The response consists of the lines from the start of the material below through the line holding "[picture b1s1: schematic", repeated word for word and without pictures.
-- EXTRACTED INFORMATION follows --
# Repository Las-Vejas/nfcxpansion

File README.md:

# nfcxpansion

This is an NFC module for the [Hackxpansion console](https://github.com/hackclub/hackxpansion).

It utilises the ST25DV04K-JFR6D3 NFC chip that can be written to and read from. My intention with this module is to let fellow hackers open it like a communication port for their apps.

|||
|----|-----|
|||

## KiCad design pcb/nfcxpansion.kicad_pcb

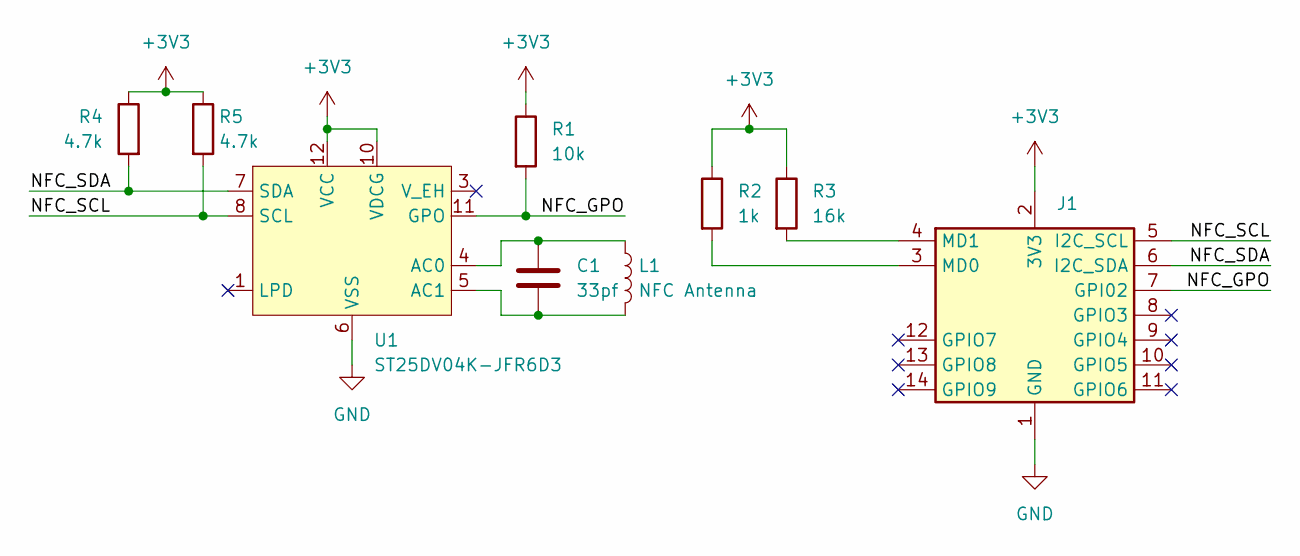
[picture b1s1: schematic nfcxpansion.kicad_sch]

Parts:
C1: 33pf; C_0402_1005Metric; LCSC Part # C5137486
J1: Male_Module
L1: NFC Antenna; 3ST25_NFC_2p03uH
R1: 10k; R_0402_1005Metric; LCSC Part # C2906861
R2: 1k; R_0402_1005Metric; LCSC Part # C140197
R3: 16k; R_0402_1005Metric; LCSC Part # C324823
R4, R5: 4.7k; R_0402_1005Metric; LCSC Part # C140158
U1: ST25DV04K-JFR6D3; ST_UFDFPN-12-1EP_3x3mm_P0.5mm_EP1.4x2.55mm; LCSC Part # C2654815

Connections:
+3V3: J1.2 (3V3), R1.1, R2.1, R3.1, R4.1, R5.1, U1.10 (VDCG), U1.12 (VCC)
/NFC_GPO: J1.7 (GPI02), R1.2, U1.11 (GPO)
/NFC_SCL: J1.5 (I2C_SCL), R5.2, U1.8 (SCL)
/NFC_SDA: J1.6 (I2C_SDA), R4.2, U1.7 (SDA)
GND: J1.1 (GND), U1.6 (VSS)
unnamed: J1.3 (MD0), R2.2
unnamed: J1.4 (MD1), R3.2
unnamed: C1.1, L1.1, U1.4 (AC0)
unnamed: C1.2, L1.2, U1.5 (AC1)

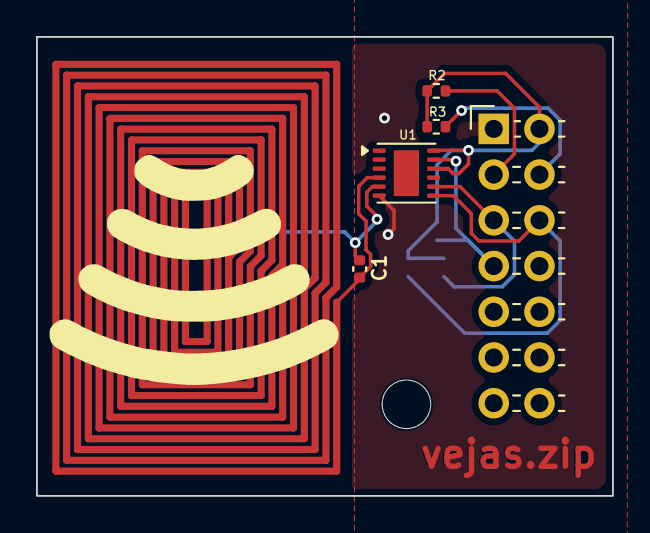
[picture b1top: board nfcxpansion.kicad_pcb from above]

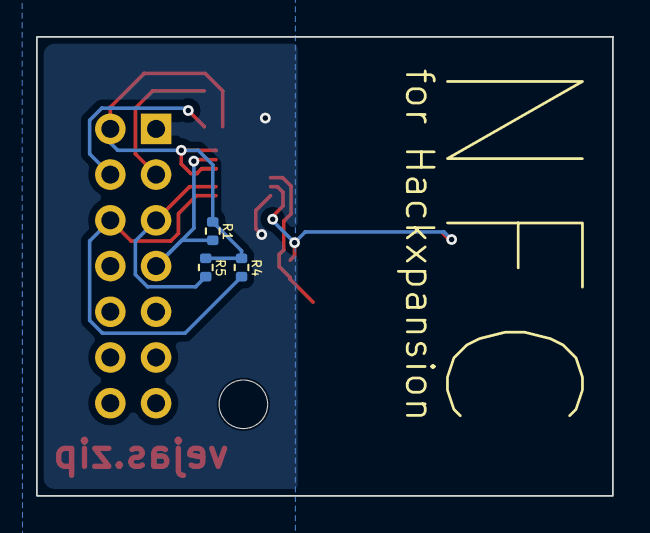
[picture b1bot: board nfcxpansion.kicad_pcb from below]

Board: 2 copper layers, 32.0 x 25.5 mm, 9 parts (3 on the bottom side), 9 nets.

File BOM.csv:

Reference,Price,Qty,Value,LCSC Part #
C1,0.3,1,33pf,C5137486
J1,0.24,1,N/A,N/A
R1,0.15,1,10k,C2906861
R2,0.14,1,1k,C140197
R3,0.14,1,16k,C324823
"R4,R5",0.14,2,4.7k,C140158
U1,0.91,1,ST25DV04K-JFR6D3,C2654815
PCB,4,5,N/A,N/A
Stencil,3.07,1,N/A,N/A
TOTAL,9.09,,N/A,N/A
-- EXTRACTED INFORMATION concluded --
FINISHED EXERCISE:
# Repository Las-Vejas/nfcxpansion

File README.md:

# nfcxpansion

This is an NFC module for the [Hackxpansion console](https://github.com/hackclub/hackxpansion).

It utilises the ST25DV04K-JFR6D3 NFC chip that can be written to and read from. My intention with this module is to let fellow hackers open it like a communication port for their apps.

|||
|----|-----|
|||

## KiCad design pcb/nfcxpansion.kicad_pcb

[picture b1s1: schematic nfcxpansion.kicad_sch]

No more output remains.